### What is needed:
The answer must be every line from the entries below that includes "dxfattribs".

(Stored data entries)
+===+

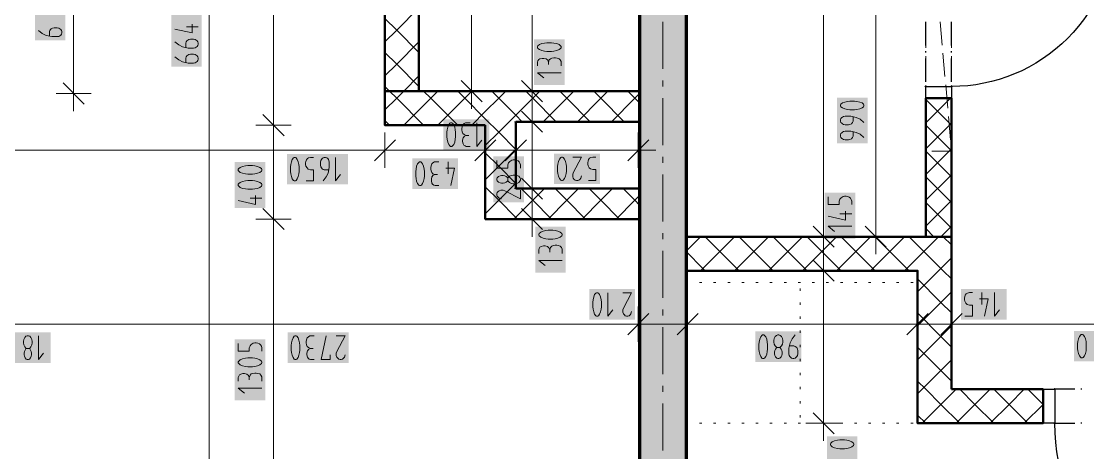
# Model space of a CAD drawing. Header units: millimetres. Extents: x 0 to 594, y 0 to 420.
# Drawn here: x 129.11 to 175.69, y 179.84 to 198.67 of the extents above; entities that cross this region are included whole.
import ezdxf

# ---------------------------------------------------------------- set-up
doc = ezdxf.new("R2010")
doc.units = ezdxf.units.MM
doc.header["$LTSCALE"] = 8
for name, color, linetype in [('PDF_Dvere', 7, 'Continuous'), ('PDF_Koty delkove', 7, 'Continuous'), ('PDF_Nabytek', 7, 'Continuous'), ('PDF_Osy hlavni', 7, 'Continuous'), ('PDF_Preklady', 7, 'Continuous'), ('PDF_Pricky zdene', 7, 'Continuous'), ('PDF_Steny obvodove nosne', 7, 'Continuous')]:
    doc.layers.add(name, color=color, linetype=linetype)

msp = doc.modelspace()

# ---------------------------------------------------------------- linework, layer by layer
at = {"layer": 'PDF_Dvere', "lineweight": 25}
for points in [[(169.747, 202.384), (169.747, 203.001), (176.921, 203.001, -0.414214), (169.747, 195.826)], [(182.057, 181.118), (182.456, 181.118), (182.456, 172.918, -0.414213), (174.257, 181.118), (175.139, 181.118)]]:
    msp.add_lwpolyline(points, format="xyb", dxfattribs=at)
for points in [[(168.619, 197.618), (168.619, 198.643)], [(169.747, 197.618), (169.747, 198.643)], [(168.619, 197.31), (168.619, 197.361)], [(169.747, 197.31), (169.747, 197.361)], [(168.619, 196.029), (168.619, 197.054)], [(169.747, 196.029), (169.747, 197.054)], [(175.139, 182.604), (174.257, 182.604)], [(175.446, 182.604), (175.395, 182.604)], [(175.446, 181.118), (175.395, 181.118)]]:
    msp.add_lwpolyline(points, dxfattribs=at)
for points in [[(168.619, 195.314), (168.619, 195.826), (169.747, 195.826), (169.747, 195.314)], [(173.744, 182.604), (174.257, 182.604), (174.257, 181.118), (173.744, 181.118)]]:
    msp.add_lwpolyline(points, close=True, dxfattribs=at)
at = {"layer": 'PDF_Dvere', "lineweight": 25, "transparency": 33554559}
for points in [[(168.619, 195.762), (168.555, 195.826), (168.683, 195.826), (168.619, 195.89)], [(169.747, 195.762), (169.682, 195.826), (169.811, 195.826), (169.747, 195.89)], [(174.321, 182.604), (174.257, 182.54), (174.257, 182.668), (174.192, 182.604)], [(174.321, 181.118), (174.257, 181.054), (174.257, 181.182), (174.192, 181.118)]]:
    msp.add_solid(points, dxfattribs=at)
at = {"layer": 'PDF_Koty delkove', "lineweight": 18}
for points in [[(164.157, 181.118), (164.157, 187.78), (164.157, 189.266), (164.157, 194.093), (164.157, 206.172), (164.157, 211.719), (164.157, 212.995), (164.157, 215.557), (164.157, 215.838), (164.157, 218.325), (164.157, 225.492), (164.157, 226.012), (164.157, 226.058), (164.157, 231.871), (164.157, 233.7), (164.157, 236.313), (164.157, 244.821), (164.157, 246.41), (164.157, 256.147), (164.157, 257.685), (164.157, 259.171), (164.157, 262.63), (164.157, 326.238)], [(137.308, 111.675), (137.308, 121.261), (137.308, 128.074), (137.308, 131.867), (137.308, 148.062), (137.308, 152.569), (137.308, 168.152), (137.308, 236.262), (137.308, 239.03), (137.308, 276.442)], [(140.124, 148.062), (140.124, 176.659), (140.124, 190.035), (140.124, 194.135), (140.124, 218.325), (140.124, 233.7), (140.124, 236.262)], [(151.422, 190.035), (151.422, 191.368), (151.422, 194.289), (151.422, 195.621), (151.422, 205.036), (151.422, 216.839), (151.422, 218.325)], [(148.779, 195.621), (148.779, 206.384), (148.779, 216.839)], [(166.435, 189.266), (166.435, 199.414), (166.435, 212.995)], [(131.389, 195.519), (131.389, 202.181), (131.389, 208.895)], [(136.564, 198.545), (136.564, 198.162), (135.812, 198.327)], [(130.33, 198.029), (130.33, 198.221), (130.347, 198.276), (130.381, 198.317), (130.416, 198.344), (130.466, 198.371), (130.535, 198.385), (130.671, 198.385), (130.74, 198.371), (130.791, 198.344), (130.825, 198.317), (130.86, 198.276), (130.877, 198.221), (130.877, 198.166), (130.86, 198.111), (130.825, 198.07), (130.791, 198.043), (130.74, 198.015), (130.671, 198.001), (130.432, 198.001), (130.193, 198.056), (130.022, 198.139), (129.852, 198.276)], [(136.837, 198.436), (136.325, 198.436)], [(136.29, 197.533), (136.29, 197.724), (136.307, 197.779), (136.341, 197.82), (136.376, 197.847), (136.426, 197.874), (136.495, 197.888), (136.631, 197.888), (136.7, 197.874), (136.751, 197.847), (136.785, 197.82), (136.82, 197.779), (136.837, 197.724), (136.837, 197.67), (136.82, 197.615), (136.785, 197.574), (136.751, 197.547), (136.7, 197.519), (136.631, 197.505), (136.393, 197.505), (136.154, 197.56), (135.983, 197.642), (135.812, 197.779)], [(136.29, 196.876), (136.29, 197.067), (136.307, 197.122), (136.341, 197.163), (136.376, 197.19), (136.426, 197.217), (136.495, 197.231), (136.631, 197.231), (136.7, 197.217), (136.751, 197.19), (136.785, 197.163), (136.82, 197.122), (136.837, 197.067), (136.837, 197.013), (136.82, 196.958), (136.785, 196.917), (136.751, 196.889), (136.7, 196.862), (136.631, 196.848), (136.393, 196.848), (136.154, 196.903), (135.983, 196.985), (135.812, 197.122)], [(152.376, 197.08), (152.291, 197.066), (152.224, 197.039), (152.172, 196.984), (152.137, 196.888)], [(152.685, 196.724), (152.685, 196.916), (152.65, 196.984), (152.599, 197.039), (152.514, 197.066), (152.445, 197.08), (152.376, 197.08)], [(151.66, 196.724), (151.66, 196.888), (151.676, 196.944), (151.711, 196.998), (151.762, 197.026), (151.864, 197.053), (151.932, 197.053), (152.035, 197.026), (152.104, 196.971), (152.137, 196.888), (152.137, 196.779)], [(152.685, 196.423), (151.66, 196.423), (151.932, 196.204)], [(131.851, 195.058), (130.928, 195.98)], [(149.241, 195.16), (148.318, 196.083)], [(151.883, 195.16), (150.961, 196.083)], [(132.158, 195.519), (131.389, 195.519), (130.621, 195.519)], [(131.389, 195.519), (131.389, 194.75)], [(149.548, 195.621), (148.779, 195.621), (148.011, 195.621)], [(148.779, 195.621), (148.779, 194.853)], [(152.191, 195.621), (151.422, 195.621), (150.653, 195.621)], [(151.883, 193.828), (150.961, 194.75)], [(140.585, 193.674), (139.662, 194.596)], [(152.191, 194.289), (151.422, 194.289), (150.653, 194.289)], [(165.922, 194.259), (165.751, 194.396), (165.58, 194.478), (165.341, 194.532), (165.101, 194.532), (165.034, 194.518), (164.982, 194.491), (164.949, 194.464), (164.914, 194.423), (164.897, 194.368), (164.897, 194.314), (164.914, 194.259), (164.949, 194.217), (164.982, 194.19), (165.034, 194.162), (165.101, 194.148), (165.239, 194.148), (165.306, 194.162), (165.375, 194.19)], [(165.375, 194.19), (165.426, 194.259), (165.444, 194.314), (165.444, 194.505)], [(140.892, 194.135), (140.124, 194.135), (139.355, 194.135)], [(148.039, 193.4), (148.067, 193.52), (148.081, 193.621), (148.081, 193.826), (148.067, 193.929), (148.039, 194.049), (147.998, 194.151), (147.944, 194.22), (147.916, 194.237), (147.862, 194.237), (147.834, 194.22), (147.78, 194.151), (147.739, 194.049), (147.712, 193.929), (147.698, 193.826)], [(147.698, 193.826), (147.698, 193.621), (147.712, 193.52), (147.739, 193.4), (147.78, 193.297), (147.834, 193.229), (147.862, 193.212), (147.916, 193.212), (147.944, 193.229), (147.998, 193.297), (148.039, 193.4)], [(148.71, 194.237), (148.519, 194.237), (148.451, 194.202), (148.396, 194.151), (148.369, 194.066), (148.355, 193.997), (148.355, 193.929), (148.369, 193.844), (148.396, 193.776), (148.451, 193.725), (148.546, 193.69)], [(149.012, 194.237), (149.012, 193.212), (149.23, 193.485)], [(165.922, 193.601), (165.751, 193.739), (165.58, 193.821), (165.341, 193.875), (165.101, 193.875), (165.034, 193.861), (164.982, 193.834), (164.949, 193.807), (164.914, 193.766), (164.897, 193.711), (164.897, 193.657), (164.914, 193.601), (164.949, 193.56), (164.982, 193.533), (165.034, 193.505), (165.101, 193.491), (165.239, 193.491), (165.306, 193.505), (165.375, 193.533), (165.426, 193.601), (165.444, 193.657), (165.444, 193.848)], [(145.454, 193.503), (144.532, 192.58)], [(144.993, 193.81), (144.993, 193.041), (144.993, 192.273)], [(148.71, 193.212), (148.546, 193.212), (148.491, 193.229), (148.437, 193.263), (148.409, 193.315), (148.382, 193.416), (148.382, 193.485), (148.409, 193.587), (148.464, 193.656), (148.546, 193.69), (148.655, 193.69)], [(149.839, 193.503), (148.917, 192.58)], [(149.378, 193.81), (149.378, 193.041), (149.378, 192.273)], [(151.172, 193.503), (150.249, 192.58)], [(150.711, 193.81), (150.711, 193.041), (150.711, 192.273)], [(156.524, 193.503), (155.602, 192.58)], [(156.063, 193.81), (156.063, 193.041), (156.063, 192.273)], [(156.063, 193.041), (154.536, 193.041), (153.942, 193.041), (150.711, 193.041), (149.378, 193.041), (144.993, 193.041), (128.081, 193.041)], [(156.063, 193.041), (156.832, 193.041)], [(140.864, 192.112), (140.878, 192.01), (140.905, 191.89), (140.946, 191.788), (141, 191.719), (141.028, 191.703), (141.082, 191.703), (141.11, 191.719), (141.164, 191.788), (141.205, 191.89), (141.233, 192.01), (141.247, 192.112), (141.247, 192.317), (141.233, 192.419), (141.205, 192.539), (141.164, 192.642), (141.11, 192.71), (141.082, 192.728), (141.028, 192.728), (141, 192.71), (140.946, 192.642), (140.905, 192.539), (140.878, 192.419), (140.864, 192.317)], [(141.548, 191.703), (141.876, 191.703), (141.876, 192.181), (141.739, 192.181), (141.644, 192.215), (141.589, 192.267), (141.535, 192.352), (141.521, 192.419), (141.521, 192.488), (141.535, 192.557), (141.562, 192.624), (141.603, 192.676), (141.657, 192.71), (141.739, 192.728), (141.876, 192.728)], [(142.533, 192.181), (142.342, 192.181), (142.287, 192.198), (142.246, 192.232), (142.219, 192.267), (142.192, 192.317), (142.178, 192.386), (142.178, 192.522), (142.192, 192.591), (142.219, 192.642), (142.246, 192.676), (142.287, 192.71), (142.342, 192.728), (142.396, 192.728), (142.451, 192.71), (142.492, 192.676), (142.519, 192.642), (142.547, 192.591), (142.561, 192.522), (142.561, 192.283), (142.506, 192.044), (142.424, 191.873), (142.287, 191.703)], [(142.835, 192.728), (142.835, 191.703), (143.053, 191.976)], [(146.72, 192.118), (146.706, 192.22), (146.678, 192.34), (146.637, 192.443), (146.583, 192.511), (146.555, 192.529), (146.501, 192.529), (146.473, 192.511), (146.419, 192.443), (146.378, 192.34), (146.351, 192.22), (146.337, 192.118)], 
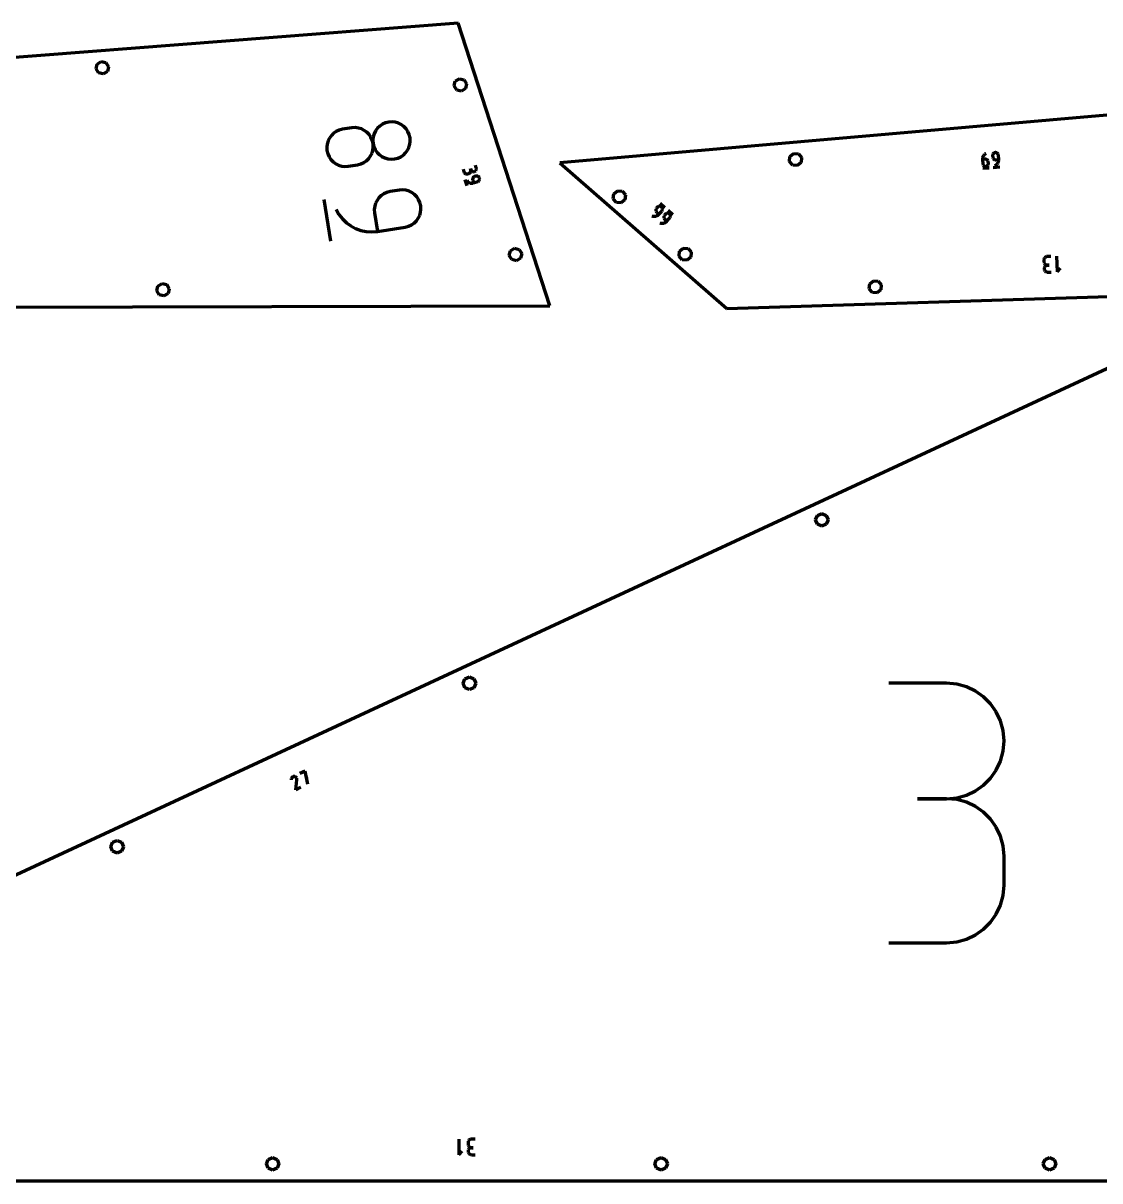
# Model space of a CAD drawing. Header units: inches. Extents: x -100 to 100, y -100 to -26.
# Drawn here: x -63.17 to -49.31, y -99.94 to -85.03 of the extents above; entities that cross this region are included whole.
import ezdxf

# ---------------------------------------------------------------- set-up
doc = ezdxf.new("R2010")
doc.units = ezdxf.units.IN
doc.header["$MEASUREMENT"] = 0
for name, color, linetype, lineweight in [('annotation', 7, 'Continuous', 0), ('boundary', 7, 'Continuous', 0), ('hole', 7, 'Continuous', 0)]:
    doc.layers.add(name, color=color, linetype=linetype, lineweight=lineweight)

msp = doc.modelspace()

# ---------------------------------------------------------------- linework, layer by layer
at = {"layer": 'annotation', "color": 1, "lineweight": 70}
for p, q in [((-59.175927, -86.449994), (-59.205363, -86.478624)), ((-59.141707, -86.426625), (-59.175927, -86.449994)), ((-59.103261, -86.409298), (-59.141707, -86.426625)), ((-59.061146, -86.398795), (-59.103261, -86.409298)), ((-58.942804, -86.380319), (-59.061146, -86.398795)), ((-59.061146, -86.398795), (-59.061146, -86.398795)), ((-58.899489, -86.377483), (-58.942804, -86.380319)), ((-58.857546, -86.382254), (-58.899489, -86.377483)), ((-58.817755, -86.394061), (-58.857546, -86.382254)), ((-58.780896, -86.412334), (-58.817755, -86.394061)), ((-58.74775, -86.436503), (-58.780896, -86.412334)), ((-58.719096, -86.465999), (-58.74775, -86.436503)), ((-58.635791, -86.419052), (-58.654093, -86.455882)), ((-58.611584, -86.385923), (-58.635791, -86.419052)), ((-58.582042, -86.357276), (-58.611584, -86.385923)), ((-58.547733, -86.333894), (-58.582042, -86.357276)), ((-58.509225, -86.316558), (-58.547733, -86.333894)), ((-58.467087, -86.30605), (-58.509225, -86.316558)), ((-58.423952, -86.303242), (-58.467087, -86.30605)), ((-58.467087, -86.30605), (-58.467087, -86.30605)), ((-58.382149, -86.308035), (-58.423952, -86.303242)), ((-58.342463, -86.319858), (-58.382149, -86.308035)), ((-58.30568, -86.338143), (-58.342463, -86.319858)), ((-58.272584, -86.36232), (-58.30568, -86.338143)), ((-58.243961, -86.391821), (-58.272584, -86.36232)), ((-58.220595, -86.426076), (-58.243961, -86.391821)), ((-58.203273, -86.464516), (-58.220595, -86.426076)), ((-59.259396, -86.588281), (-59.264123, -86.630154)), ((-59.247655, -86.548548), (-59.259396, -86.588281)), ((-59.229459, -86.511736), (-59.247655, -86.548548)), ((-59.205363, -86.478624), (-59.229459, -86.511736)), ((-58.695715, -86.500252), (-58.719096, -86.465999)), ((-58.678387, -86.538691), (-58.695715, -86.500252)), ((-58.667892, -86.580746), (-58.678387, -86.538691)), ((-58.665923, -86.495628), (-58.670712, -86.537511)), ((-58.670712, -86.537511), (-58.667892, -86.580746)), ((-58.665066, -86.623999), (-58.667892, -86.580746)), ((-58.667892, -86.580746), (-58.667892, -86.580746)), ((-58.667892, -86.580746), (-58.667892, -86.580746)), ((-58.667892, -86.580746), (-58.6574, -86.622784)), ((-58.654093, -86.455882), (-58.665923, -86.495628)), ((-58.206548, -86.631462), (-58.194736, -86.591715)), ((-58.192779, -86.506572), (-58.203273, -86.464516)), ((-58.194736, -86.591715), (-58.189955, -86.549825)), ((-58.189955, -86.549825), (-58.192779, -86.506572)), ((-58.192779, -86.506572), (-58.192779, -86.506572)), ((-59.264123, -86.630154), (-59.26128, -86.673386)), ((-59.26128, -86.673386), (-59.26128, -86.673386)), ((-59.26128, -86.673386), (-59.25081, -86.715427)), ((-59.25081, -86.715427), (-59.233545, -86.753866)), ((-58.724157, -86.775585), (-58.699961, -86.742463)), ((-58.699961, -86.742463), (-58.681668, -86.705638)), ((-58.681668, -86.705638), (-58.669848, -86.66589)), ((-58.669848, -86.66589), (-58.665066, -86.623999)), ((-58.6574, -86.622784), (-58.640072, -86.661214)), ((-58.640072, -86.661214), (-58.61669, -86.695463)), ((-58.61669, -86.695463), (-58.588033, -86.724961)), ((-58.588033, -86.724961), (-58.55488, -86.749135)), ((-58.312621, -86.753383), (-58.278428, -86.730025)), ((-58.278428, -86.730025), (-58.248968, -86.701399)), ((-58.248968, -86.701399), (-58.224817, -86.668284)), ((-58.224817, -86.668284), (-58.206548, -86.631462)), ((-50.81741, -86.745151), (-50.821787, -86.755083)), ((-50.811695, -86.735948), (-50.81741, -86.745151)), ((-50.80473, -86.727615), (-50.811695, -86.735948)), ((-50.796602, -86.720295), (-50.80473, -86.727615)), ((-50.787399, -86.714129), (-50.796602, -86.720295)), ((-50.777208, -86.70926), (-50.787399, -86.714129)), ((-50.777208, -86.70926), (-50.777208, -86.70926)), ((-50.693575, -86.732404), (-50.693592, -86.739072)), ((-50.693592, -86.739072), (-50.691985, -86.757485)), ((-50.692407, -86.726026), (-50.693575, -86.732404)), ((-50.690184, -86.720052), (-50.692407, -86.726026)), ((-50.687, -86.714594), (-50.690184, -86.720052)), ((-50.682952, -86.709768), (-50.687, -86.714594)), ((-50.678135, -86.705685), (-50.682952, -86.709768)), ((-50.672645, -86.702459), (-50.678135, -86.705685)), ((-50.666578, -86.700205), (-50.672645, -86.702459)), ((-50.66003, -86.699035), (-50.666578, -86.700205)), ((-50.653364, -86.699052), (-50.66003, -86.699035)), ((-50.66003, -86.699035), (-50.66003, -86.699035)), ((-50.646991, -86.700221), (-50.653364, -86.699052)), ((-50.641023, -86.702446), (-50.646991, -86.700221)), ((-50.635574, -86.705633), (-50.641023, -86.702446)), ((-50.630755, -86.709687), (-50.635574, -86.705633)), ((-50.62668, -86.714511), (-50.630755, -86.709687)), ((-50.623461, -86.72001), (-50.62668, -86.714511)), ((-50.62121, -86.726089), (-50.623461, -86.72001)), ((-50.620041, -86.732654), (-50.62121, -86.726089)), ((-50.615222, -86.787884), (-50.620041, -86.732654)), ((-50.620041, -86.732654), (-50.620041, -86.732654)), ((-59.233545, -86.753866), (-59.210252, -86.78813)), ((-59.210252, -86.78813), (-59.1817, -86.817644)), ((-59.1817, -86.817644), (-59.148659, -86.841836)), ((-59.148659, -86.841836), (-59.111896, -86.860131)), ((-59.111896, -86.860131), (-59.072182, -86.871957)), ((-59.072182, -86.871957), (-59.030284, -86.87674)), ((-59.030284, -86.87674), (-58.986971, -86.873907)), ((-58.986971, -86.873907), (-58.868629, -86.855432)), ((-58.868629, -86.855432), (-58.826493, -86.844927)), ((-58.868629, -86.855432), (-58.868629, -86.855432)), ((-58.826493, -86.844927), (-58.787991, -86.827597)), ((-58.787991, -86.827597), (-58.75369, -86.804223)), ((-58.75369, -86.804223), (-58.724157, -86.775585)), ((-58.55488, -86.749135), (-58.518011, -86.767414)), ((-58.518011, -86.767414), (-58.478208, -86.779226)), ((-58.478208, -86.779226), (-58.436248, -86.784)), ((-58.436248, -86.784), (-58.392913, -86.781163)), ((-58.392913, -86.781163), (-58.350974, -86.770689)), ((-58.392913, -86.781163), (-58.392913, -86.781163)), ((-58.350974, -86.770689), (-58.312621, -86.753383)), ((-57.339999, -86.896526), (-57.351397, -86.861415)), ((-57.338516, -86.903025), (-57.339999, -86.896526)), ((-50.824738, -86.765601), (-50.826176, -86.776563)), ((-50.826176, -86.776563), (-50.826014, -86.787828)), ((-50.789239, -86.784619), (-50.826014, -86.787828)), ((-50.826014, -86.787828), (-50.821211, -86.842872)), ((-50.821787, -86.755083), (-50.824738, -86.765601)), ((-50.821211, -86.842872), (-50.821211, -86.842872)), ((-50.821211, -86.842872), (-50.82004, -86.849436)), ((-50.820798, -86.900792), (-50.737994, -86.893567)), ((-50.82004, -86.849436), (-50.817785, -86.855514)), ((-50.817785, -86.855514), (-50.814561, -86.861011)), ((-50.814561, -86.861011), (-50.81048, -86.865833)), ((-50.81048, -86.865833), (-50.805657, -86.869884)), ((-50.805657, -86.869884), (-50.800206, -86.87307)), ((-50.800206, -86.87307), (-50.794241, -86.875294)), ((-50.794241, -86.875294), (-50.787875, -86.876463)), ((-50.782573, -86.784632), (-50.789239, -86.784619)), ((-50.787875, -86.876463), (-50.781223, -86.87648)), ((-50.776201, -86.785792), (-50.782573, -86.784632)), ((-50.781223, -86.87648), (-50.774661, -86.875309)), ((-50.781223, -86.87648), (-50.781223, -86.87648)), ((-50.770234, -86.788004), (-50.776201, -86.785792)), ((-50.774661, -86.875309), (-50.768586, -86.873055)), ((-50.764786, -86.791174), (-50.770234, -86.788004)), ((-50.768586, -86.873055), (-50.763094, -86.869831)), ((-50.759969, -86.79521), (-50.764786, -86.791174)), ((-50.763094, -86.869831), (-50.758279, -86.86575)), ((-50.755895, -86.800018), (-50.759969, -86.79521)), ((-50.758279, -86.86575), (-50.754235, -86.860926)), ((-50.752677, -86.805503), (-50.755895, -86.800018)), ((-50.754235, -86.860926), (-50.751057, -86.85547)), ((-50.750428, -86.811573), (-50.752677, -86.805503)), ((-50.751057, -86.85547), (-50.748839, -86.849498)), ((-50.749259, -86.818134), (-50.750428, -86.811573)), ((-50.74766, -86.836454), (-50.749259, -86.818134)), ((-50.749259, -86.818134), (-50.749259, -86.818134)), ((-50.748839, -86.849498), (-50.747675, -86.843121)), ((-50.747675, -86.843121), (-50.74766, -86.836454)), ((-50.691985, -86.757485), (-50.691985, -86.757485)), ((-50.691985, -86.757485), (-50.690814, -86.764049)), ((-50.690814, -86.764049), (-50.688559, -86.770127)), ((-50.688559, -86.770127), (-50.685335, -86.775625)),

+===+

### Problem solution:
    msp.add_lwpolyline(points, format="xyb", dxfattribs=at)
    msp.add_lwpolyline(points, dxfattribs=at)
    msp.add_lwpolyline(points, close=True, dxfattribs=at)
    msp.add_solid(points, dxfattribs=at)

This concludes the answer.